Pawn Seven didn't object to this, instead gesturing for me to follow her out of the room. Occasional chuckles went through the crowd as we passed through it, then down the stairs to the rest of the building below.

"Well," I said once we were out of earshot, though of course King could probably read my mind anywhere, "that went about as well as could be expected."

Pawn Seven stopped where she was. She turned around to face me. "No." She said.

I immediately felt guilty - Pawn Seven had had her mind tampered with by the man above, and when backup from her own organization had finally arrived, it immediately attempted to recruit him. "I'm sorry, Pawn Seven, the mission-"

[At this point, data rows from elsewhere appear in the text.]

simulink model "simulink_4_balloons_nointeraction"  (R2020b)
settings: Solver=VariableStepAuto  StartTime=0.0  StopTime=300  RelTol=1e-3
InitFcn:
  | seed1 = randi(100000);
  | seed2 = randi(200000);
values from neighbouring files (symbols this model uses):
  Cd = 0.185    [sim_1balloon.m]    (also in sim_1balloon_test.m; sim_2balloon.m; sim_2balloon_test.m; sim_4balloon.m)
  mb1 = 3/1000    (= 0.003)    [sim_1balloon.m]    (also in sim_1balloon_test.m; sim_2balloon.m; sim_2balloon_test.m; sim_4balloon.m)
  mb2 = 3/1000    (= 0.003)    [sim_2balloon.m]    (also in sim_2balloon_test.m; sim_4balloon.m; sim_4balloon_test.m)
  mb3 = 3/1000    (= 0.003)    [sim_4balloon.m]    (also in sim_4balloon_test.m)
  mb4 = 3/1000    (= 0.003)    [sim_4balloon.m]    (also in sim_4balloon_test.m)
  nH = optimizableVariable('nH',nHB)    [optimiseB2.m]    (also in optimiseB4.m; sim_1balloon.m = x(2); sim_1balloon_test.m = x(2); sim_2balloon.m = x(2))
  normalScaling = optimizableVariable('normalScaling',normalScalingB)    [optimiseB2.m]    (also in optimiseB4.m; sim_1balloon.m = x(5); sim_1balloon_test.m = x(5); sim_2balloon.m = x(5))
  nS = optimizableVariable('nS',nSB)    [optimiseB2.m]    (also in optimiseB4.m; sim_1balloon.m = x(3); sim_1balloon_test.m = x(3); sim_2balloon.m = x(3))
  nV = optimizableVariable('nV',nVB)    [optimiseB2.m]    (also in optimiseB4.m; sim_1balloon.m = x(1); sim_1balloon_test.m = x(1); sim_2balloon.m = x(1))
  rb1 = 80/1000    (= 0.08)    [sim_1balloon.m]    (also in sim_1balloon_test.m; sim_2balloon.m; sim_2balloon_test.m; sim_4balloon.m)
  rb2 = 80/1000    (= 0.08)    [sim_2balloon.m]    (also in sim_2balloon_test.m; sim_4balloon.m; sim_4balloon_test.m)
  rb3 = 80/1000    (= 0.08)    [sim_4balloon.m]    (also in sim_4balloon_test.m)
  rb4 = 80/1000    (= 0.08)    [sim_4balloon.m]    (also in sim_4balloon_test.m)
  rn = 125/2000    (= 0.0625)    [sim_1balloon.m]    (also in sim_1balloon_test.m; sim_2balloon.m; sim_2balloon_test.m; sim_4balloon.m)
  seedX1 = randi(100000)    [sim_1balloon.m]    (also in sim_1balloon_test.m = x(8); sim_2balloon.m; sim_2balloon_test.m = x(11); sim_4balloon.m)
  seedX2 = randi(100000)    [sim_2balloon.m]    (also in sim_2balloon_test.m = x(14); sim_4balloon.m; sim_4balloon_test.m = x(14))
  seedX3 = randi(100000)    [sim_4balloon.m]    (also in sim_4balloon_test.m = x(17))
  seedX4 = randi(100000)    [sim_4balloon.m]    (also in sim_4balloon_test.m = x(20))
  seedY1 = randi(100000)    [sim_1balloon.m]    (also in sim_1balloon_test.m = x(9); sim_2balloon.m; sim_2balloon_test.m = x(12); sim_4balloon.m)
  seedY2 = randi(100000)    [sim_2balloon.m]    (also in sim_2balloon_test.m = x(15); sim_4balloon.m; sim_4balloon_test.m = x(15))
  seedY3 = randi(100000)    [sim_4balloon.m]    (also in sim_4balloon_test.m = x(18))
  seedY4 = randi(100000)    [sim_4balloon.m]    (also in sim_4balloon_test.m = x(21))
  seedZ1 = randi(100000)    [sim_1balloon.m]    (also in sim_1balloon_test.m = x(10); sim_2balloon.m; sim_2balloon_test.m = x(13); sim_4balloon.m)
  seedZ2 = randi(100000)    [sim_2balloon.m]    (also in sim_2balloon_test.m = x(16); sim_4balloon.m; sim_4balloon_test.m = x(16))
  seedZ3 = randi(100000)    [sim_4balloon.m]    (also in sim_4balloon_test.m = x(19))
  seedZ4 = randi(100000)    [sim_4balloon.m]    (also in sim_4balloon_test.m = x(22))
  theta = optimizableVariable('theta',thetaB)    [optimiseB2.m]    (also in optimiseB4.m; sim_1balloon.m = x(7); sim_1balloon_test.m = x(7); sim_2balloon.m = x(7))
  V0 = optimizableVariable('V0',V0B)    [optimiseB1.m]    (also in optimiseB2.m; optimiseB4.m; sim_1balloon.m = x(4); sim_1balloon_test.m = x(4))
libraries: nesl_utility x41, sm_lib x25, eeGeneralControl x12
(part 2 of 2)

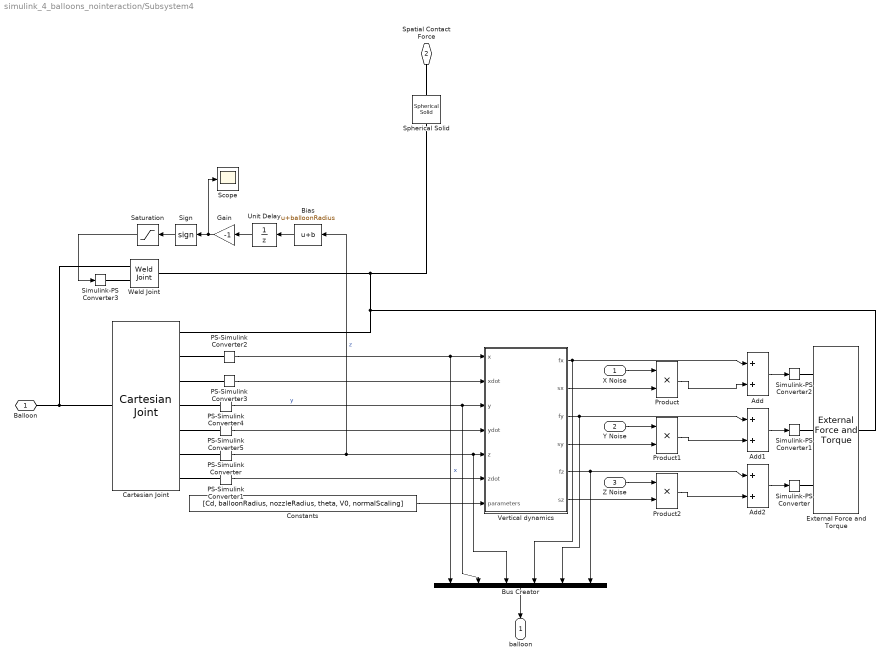
== system simulink_4_balloons_nointeraction/Subsystem4 ==
  X Noise : Inport
  Y Noise : Inport  Port=2
  Z Noise : Inport  Port=3
  Add : Sum
  Add1 : Sum
  Add2 : Sum
  Bias : Bias  Bias=balloonRadius
  Bus Creator : BusCreator  Inputs=6
  Cartesian Joint : sm_lib/Joints/Cartesian Joint  JointMode=Normal  SenseConstraintForce=off  SenseConstraintForceX=off  SenseConstraintForceY=off  SenseConstraintForceZ=off  SenseConstraintTorque=off  SenseConstraintTorqueX=off  SenseConstraintTorqueY=off  SenseConstraintTorqueZ=off  SenseTotalForce=off  SenseTotalForceX=off  SenseTotalForceY=off  SenseTotalForceZ=off  SenseTotalTorque=off  SenseTotalTorqueX=off  SenseTotalTorqueY=off  SenseTotalTorqueZ=off  CompositeWrenchDir=FollowerOnBase  CompositeWrenchFrame=BaseFrame  PxEquilibriumPosition=0  PxEquilibriumPositionUnits=m  PxSpringStiffness=0  PxSpringStiffnessUnits=N/m  PxDampingCoefficient=hd  PxDampingCoefficientUnits=N/(m/s)  PxTorqueActuationMode=NoTorque  PxMotionActuationMode=ComputedMotion  PxSensePosition=on  PxSenseVelocity=on  PxSenseAcceleration=off  PxSenseTorqueForce=off  PxSenseLowerLimitTorqueForce=off  PxSenseUpperLimitTorqueForce=off  PxLowerLimitSpecify=off  PxLowerLimitBound=-1  PxLowerLimitBoundUnits=m  PxLowerLimitStiffness=1e6  PxLowerLimitStiffnessUnits=N/m  PxLowerLimitDamping=1e3  PxLowerLimitDampingUnits=N/(m/s)  PxLowerLimitTransitionRegionWidth=1e-4  PxLowerLimitTransitionRegionWidthUnits=m  PxUpperLimitSpecify=off  PxUpperLimitBound=1  PxUpperLimitBoundUnits=m  PxUpperLimitStiffness=1e6  PxUpperLimitStiffnessUnits=N/m  PxUpperLimitDamping=1e3  PxUpperLimitDampingUnits=N/(m/s)  PxUpperLimitTransitionRegionWidth=1e-4  PxUpperLimitTransitionRegionWidthUnits=m  PxPositionTargetSpecify=off  PxPositionTargetPriority=High  PxPositionTargetValue=0  PxPositionTargetValueUnits=m  PxVelocityTargetSpecify=off  PxVelocityTargetPriority=High  PxVelocityTargetValue=0  PxVelocityTargetValueUnits=m/s  PyEquilibriumPosition=0  PyEquilibriumPositionUnits=m  PySpringStiffness=0  PySpringStiffnessUnits=N/m  PyDampingCoefficient=hd  PyDampingCoefficientUnits=N/(m/s)  PyTorqueActuationMode=NoTorque  PyMotionActuationMode=ComputedMotion  PySensePosition=on  PySenseVelocity=on  PySenseAcceleration=off  PySenseTorqueForce=off  PySenseLowerLimitTorqueForce=off  PySenseUpperLimitTorqueForce=off  PyLowerLimitSpecify=off  PyLowerLimitBound=-1  PyLowerLimitBoundUnits=m  PyLowerLimitStiffness=1e6  PyLowerLimitStiffnessUnits=N/m  PyLowerLimitDamping=1e3  PyLowerLimitDampingUnits=N/(m/s)  PyLowerLimitTransitionRegionWidth=1e-4  PyLowerLimitTransitionRegionWidthUnits=m  PyUpperLimitSpecify=off  PyUpperLimitBound=1  PyUpperLimitBoundUnits=m  PyUpperLimitStiffness=1e6  PyUpperLimitStiffnessUnits=N/m  PyUpperLimitDamping=1e3  PyUpperLimitDampingUnits=N/(m/s)  PyUpperLimitTransitionRegionWidth=1e-4  PyUpperLimitTransitionRegionWidthUnits=m  PyPositionTargetSpecify=off  PyPositionTargetPriority=High  PyPositionTargetValue=0  PyPositionTargetValueUnits=m  PyVelocityTargetSpecify=off  PyVelocityTargetPriority=High  PyVelocityTargetValue=0  PyVelocityTargetValueUnits=m/s  PzEquilibriumPosition=0  PzEquilibriumPositionUnits=m  PzSpringStiffness=0  PzSpringStiffnessUnits=N/m  PzDampingCoefficient=hd  PzDampingCoefficientUnits=N/(m/s)  PzTorqueActuationMode=NoTorque  PzMotionActuationMode=ComputedMotion  PzSensePosition=on  PzSenseVelocity=on  PzSenseAcceleration=off  PzSenseTorqueForce=off  PzSenseLowerLimitTorqueForce=off  PzSenseUpperLimitTorqueForce=off  PzLowerLimitSpecify=off  PzLowerLimitBound=0  PzLowerLimitBoundUnits=m  PzLowerLimitStiffness=1e6  PzLowerLimitStiffnessUnits=N/m  PzLowerLimitDamping=1e3  PzLowerLimitDampingUnits=N/(m/s)  PzLowerLimitTransitionRegionWidth=1e-4  PzLowerLimitTransitionRegionWidthUnits=m  PzUpperLimitSpecify=off  PzUpperLimitBound=1  PzUpperLimitBoundUnits=m  PzUpperLimitStiffness=1e6  PzUpperLimitStiffnessUnits=N/m  PzUpperLimitDamping=1e3  PzUpperLimitDampingUnits=N/(m/s)  PzUpperLimitTransitionRegionWidth=1e-4  PzUpperLimitTransitionRegionWidthUnits=m  PzPositionTargetSpecify=on  PzPositionTargetPriority=High  PzPositionTargetValue=initialHeight  PzPositionTargetValueUnits=m  PzVelocityTargetSpecify=on  PzVelocityTargetPriority=High  PzVelocityTargetValue=0  PzVelocityTargetValueUnits=m/s
  Constants : Constant  Value=[Cd, balloonRadius, nozzleRadius, theta, V0, normalScaling]
  External Force and Torque : sm_lib/Forces and Torques/External Force and Torque  ForceResolutionFrame=AttachedFrame  EnableForceX=on  EnableForceY=on  EnableForceZ=on  EnableForce=off  TorqueResolutionFrame=AttachedFrame  EnableTorqueX=off  EnableTorqueY=off  EnableTorqueZ=off  EnableTorque=off
  Gain : Gain  Gain=-1
  PS-Simulink Converter{,1..5} (6 alike) : nesl_utility/PS-Simulink Converter  PhysicalDomain=network_engine_domain  SubClassName=ps_output  LeftPortType=input  RightPortType=output  PseudoPeriodic=off  Frequencies=[]  Unit=inherit  AffineConversion=off
  Product : Product
  Product1 : Product
  Product2 : Product
  Saturation : Saturate  UpperLimit=0  LowerLimit=-1
  Scope : Scope
  Sign : Signum
  Simulink-PS Converter{,1..3} (4 alike) : nesl_utility/Simulink-PS Converter  PhysicalDomain=network_engine_domain  SubClassName=ps_input  LeftPortType=input  RightPortType=output  PseudoPeriodic=off  Frequencies=[]  NoiseDistribution=none  NoiseParameters=[]  Unit=1  AffineConversion=off  FilteringAndDerivatives=provide  SimscapeFilterOrder=1  InputFilterTimeConstant=0.001  UdotUserProvided=0
  Spherical Solid : sm_lib/Body Elements/Spherical Solid  GraphicAmbientColor=[0.15 0.15 0.15 1.0]  BasedOnType=Mass  CenterOfMass=[0 0 0]  CenterOfMassUnits=m  GraphicDiffuseColor=[1.0 1.0 0.0]  Density=1000  DensityUnits=kg/m^3  DoExposeReferenceFrame=on  GraphicEmissiveColor=[0.0 0.0 0.0 1.0]  ExportEntireGeometry=on  SerializedExposedGeometries=<ExposedGeometries><ExposedGeometry><RawGeometryId>entire</RawGeometryId><ExposedGeometryId>G</ExposedGeometryId></ExposedGeometry></ExposedGeometries>  SerializedFrames=<Frames/>  MarkerShape=Sphere  MarkerSize=10  GraphicType=FromGeometry  InertiaType=CalculateFromGeometry  Mass=balloonMass  MassUnits=kg  MomentsOfInertia=[1 1 1]  MomentsOfInertiaUnits=kg*m^2  GraphicOpacity=1.0  ProductsOfInertia=[0 0 0]  ProductsOfInertiaUnits=kg*m^2  GraphicShininess=75  GraphicSpecularColor=[0.5 0.5 0.5 1.0]  SphereRadius=balloonRadius  SphereRadiusUnits=m  GraphicVisPropType=SimpleVisualProperties
  Unit Delay : UnitDelay  InitialCondition=initialHeight+balloonRadius  SampleTime=0.01  HasFrameUpgradeWarning=on
  Vertical dynamics : MATLAB Function  TreatAsAtomicUnit=on
  Weld Joint : sm_lib/Joints/Weld Joint  JointMode=ProvidedByInput  SenseConstraintForce=off  SenseConstraintForceX=off  SenseConstraintForceY=off  SenseConstraintForceZ=off  SenseConstraintTorque=off  SenseConstraintTorqueX=off  SenseConstraintTorqueY=off  SenseConstraintTorqueZ=off  SenseTotalForce=off  SenseTotalForceX=off  SenseTotalForceY=off  SenseTotalForceZ=off  SenseTotalTorque=off  SenseTotalTorqueX=off  SenseTotalTorqueY=off  SenseTotalTorqueZ=off  CompositeWrenchDir=FollowerOnBase  CompositeWrenchFrame=BaseFrame
  Balloon : PMIOPort  Side=Left
  Spatial Contact Force : PMIOPort  Port=2  Side=Left
  balloon : Outport
  wires:
  PS-Simulink Converter4/1 -> Vertical dynamics/3(y), Bus Creator/2  "y"
  PS-Simulink Converter2/1 -> Bus Creator/1, Vertical dynamics/1(x)  "x"
  Gain/1 -> Scope/1, Sign/1
  Unit Delay/1 -> Gain/1
  Sign/1 -> Saturation/1
  Saturation/1 -> Simulink-PS Converter3/1
  Bias/1 -> Unit Delay/1
  Product2/1 -> Add2/2
  Vertical dynamics/1(fx) -> Add/1, Bus Creator/4
  Vertical dynamics/5(fz) -> Add2/1, Bus Creator/6
  PS-Simulink Converter/1 -> Bus Creator/3, Vertical dynamics/5(z), Bias/1  "z"
  X Noise/1 -> Product/1
  Vertical dynamics/4(sy) -> Product1/2
  Add1/1 -> Simulink-PS Converter1/1
  Add/1 -> Simulink-PS Converter2/1
  Add2/1 -> Simulink-PS Converter/1
  Vertical dynamics/3(fy) -> Add1/1, Bus Creator/5
  Y Noise/1 -> Product1/1
  Vertical dynamics/2(sx) -> Product/2
  Product1/1 -> Add1/2
  Product/1 -> Add/2
  Vertical dynamics/6(sz) -> Product2/2
  Bus Creator/1 -> balloon/1
  Z Noise/1 -> Product2/1
  PS-Simulink Converter5/1 -> Vertical dynamics/4(ydot)
  PS-Simulink Converter1/1 -> Vertical dynamics/6(zdot)
  PS-Simulink Converter3/1 -> Vertical dynamics/2(xdot)
  Constants/1 -> Vertical dynamics/7(parameters)
  connections:
  PS-Simulink Converter/LConn1 -- Cartesian Joint/RConn6
  PS-Simulink Converter2/LConn1 -- Cartesian Joint/RConn2
  Weld Joint/RConn1 -- Spherical Solid/RConn1 -- External Force and Torque/RConn1 -- Cartesian Joint/RConn1
  Cartesian Joint/LConn1 -- Weld Joint/LConn1 -- Balloon/RConn1
  PS-Simulink Converter5/LConn1 -- Cartesian Joint/RConn5
  Cartesian Joint/RConn4 -- PS-Simulink Converter4/LConn1
  PS-Simulink Converter3/LConn1 -- Cartesian Joint/RConn3
  PS-Simulink Converter1/LConn1 -- Cartesian Joint/RConn7
  Simulink-PS Converter3/RConn1 -- Weld Joint/LConn2
  Spatial Contact Force/RConn1 -- Spherical Solid/LConn1
  Simulink-PS Converter1/RConn1 -- External Force and Torque/LConn2
  Simulink-PS Converter/RConn1 -- External Force and Torque/LConn3
  External Force and Torque/LConn1 -- Simulink-PS Converter2/RConn1

== matlab function simulink_4_balloons_nointeraction/Subsystem2/Vertical dynamics ==
  data: fx output; sx output; fy output; sy output; x input; xdot input; y input; ydot input; z input; fz output; zdot input; parameters input; sz output
function [fx,sx,fy,sy,fz,sz] = fcn(x,xdot,y,ydot,z,zdot,parameters)

Cd = parameters(1);
rb = parameters(2);
rn = parameters(3);
theta = deg2rad(parameters(4)); 
V0 = parameters(5); 
normalScaling = parameters(6); 

%% Vertical forces

%flow radius
rFlow = rn+z*tan(theta);

%Peak flow velocity
meanFlowVelocity = V0*rn^2/(rFlow)^2;

%Velocity under ball
vFlowActual = flowSpeed(meanFlowVelocity,normalScaling*rFlow,x,y);

%Relative
relativeVelocity = vFlowActual - zdot;

%Force
fz = sign(relativeVelocity)*0.5*Cd*pi*rb^2*1.22*relativeVelocity^2;



%% Horizontal XY forces
% Bernoulli's Principle
if x == 0 && y == 0
    fx = 0;
    fy = 0;
else
    direction = [x y];
    distance = norm(direction);
    one_direction = direction/distance;
    inner_position = (distance - rb)*one_direction;
    outer_position = (distance + rb)*one_direction;
    vInner = flowSpeed(meanFlowVelocity,normalScaling*rFlow,inner_position(1),inner_position(2));
    vOuter = flowSpeed(meanFlowVelocity,normalScaling*rFlow,outer_position(1),outer_position(2));
    fH = 0.5*1.22*(vOuter^2 - vInner^2)*pi*rb^2*one_direction;
    fx = fH(1);
    fy = fH(2);
end
% Drag
if xdot == 0 && ydot == 0
else
    vxy = [xdot ydot];
    dragH = 0.5*Cd*pi*rb^2*1.22*(xdot^2 + ydot^2)*vxy/norm(vxy);
    fx = fx - dragH(1);
    fy = fy - dragH(2);
end

%% Force scalings
sx = flowSpeed(meanFlowVelocity,normalScaling*rFlow,x,0)/flowSpeed(meanFlowVelocity,rFlow,0,0);
sy = flowSpeed(meanFlowVelocity,normalScaling*rFlow,0,y)/flowSpeed(meanFlowVelocity,rFlow,0,0);
sz = flowSpeed(meanFlowVelocity,normalScaling*rFlow,x,y)/flowSpeed(meanFlowVelocity,rFlow,0,0);

== matlab function simulink_4_balloons_nointeraction/Subsystem1/Vertical dynamics ==
  data: fx output; sx output; fy output; sy output; x input; xdot input; y input; ydot input; z input; fz output; zdot input; parameters input; sz output
function [fx,sx,fy,sy,fz,sz] = fcn(x,xdot,y,ydot,z,zdot,parameters)

Cd = parameters(1);
rb = parameters(2);
rn = parameters(3);
theta = deg2rad(parameters(4)); 
V0 = parameters(5); 
normalScaling = parameters(6); 

%% Vertical forces

%flow radius
rFlow = rn+z*tan(theta);

%Peak flow velocity
meanFlowVelocity = V0*rn^2/(rFlow)^2;

%Velocity under ball
vFlowActual = flowSpeed(meanFlowVelocity,normalScaling*rFlow,x,y);

%Relative
relativeVelocity = vFlowActual - zdot;

%Force
fz = sign(relativeVelocity)*0.5*Cd*pi*rb^2*1.22*relativeVelocity^2;



%% Horizontal XY forces
% Bernoulli's Principle
if x == 0 && y == 0
    fx = 0;
    fy = 0;
else
    direction = [x y];
    distance = norm(direction);
    one_direction = direction/distance;
    inner_position = (distance - rb)*one_direction;
    outer_position = (distance + rb)*one_direction;
    vInner = flowSpeed(meanFlowVelocity,normalScaling*rFlow,inner_position(1),inner_position(2));
    vOuter = flowSpeed(meanFlowVelocity,normalScaling*rFlow,outer_position(1),outer_position(2));
    fH = 0.5*1.22*(vOuter^2 - vInner^2)*pi*rb^2*one_direction;
    fx = fH(1);
    fy = fH(2);
end
% Drag
if xdot == 0 && ydot == 0
else
    vxy = [xdot ydot];
    dragH = 0.5*Cd*pi*rb^2*1.22*(xdot^2 + ydot^2)*vxy/norm(vxy);
    fx = fx - dragH(1);
    fy = fy - dragH(2);
end

%% Force scalings
sx = flowSpeed(meanFlowVelocity,normalScaling*rFlow,x,0)/flowSpeed(meanFlowVelocity,rFlow,0,0);
sy = flowSpeed(meanFlowVelocity,normalScaling*rFlow,0,y)/flowSpeed(meanFlowVelocity,rFlow,0,0);
sz = flowSpeed(meanFlowVelocity,normalScaling*rFlow,x,y)/flowSpeed(meanFlowVelocity,rFlow,0,0);

== matlab function simulink_4_balloons_nointeraction/Subsystem3/Vertical dynamics ==
  data: fx output; sx output; fy output; sy output; x input; xdot input; y input; ydot input; z input; fz output; zdot input; parameters input; sz output
function [fx,sx,fy,sy,fz,sz] = fcn(x,xdot,y,ydot,z,zdot,parameters)

Cd = parameters(1);
rb = parameters(2);
rn = parameters(3);
theta = deg2rad(parameters(4)); 
V0 = parameters(5); 
normalScaling = parameters(6); 

%% Vertical forces

%flow radius
rFlow = rn+z*tan(theta);

%Peak flow velocity
meanFlowVelocity = V0*rn^2/(rFlow)^2;

%Velocity under ball
vFlowActual = flowSpeed(meanFlowVelocity,normalScaling*rFlow,x,y);

%Relative
relativeVelocity = vFlowActual - zdot;

%Force
fz = sign(relativeVelocity)*0.5*Cd*pi*rb^2*1.22*relativeVelocity^2;



%% Horizontal XY forces
% Bernoulli's Principle
if x == 0 && y == 0
    fx = 0;
    fy = 0;
else
    direction = [x y];
    distance = norm(direction);
    one_direction = direction/distance;
    inner_position = (distance - rb)*one_direction;
    outer_position = (distance + rb)*one_direction;
    vInner = flowSpeed(meanFlowVelocity,normalScaling*rFlow,inner_position(1),inner_position(2));
    vOuter = flowSpeed(meanFlowVelocity,normalScaling*rFlow,outer_position(1),outer_position(2));
    fH = 0.5*1.22*(vOuter^2 - vInner^2)*pi*rb^2*one_direction;
    fx = fH(1);
    fy = fH(2);
end
% Drag
if xdot == 0 && ydot == 0
else
    vxy = [xdot ydot];
    dragH = 0.5*Cd*pi*rb^2*1.22*(xdot^2 + ydot^2)*vxy/norm(vxy);
    fx = fx - dragH(1);
    fy = fy - dragH(2);
end

%% Force scalings
sx = flowSpeed(meanFlowVelocity,normalScaling*rFlow,x,0)/flowSpeed(meanFlowVelocity,rFlow,0,0);
sy = flowSpeed(meanFlowVelocity,normalScaling*rFlow,0,y)/flowSpeed(meanFlowVelocity,rFlow,0,0);
sz = flowSpeed(meanFlowVelocity,normalScaling*rFlow,x,y)/flowSpeed(meanFlowVelocity,rFlow,0,0);

== matlab function simulink_4_balloons_nointeraction/Subsystem4/Vertical dynamics ==
  data: fx output; sx output; fy output; sy output; x input; xdot input; y input; ydot input; z input; fz output; zdot input; parameters input; sz output
function [fx,sx,fy,sy,fz,sz] = fcn(x,xdot,y,ydot,z,zdot,parameters)

Cd = parameters(1);
rb = parameters(2);
rn = parameters(3);
theta = deg2rad(parameters(4)); 
V0 = parameters(5); 
normalScaling = parameters(6); 

%% Vertical forces

%flow radius
rFlow = rn+z*tan(theta);

%Peak flow velocity
meanFlowVelocity = V0*rn^2/(rFlow)^2;

%Velocity under ball
vFlowActual = flowSpeed(meanFlowVelocity,normalScaling*rFlow,x,y);

%Relative
relativeVelocity = vFlowActual - zdot;

%Force
fz = sign(relativeVelocity)*0.5*Cd*pi*rb^2*1.22*relativeVelocity^2;



%% Horizontal XY forces
% Bernoulli's Principle
if x == 0 && y == 0
    fx = 0;
    fy = 0;
else
    direction = [x y];
    distance = norm(direction);
    one_direction = direction/distance;
    inner_position = (distance - rb)*one_direction;
    outer_position = (distance + rb)*one_direction;
    vInner = flowSpeed(meanFlowVelocity,normalScaling*rFlow,inner_position(1),inner_position(2));
    vOuter = flowSpeed(meanFlowVelocity,normalScaling*rFlow,outer_position(1),outer_position(2));
    fH = 0.5*1.22*(vOuter^2 - vInner^2)*pi*rb^2*one_direction;
    fx = fH(1);
    fy = fH(2);
end
% Drag
if xdot == 0 && ydot == 0
else
    vxy = [xdot ydot];
    dragH = 0.5*Cd*pi*rb^2*1.22*(xdot^2 + ydot^2)*vxy/norm(vxy);
    fx = fx - dragH(1);
    fy = fy - dragH(2);
end

%% Force scalings
sx = flowSpeed(meanFlowVelocity,normalScaling*rFlow,x,0)/flowSpeed(meanFlowVelocity,rFlow,0,0);
sy = flowSpeed(meanFlowVelocity,normalScaling*rFlow,0,y)/flowSpeed(meanFlowVelocity,rFlow,0,0);
sz = flowSpeed(meanFlowVelocity,normalScaling*rFlow,x,y)/flowSpeed(meanFlowVelocity,rFlow,0,0);

"Not that." She interrupted. "Not the mission." She added unhelpfully.

"Then what?" I asked.

Her jaw tightened; clearly she could feel frustration, at least. "King is... a very... dangerous... man. He is not... safe." she said finally. I could almost sense something in her surface thoughts, but then it was gone and she was back to her usual placid tonelessness.

"I'm sorry." I said again. I could tell she was trying to talk around whatever constraints he'd put in her mind, but I couldn't determine what she was trying to tell me that I hadn't already figured out. I'd known when I accepted the mission that I'd be dealing with a danger that I'd previously thought to be nearly mythological.

Pawn Seven relaxed her jaw, seemingly giving up for now. "Come this way. I'll show you to my old room."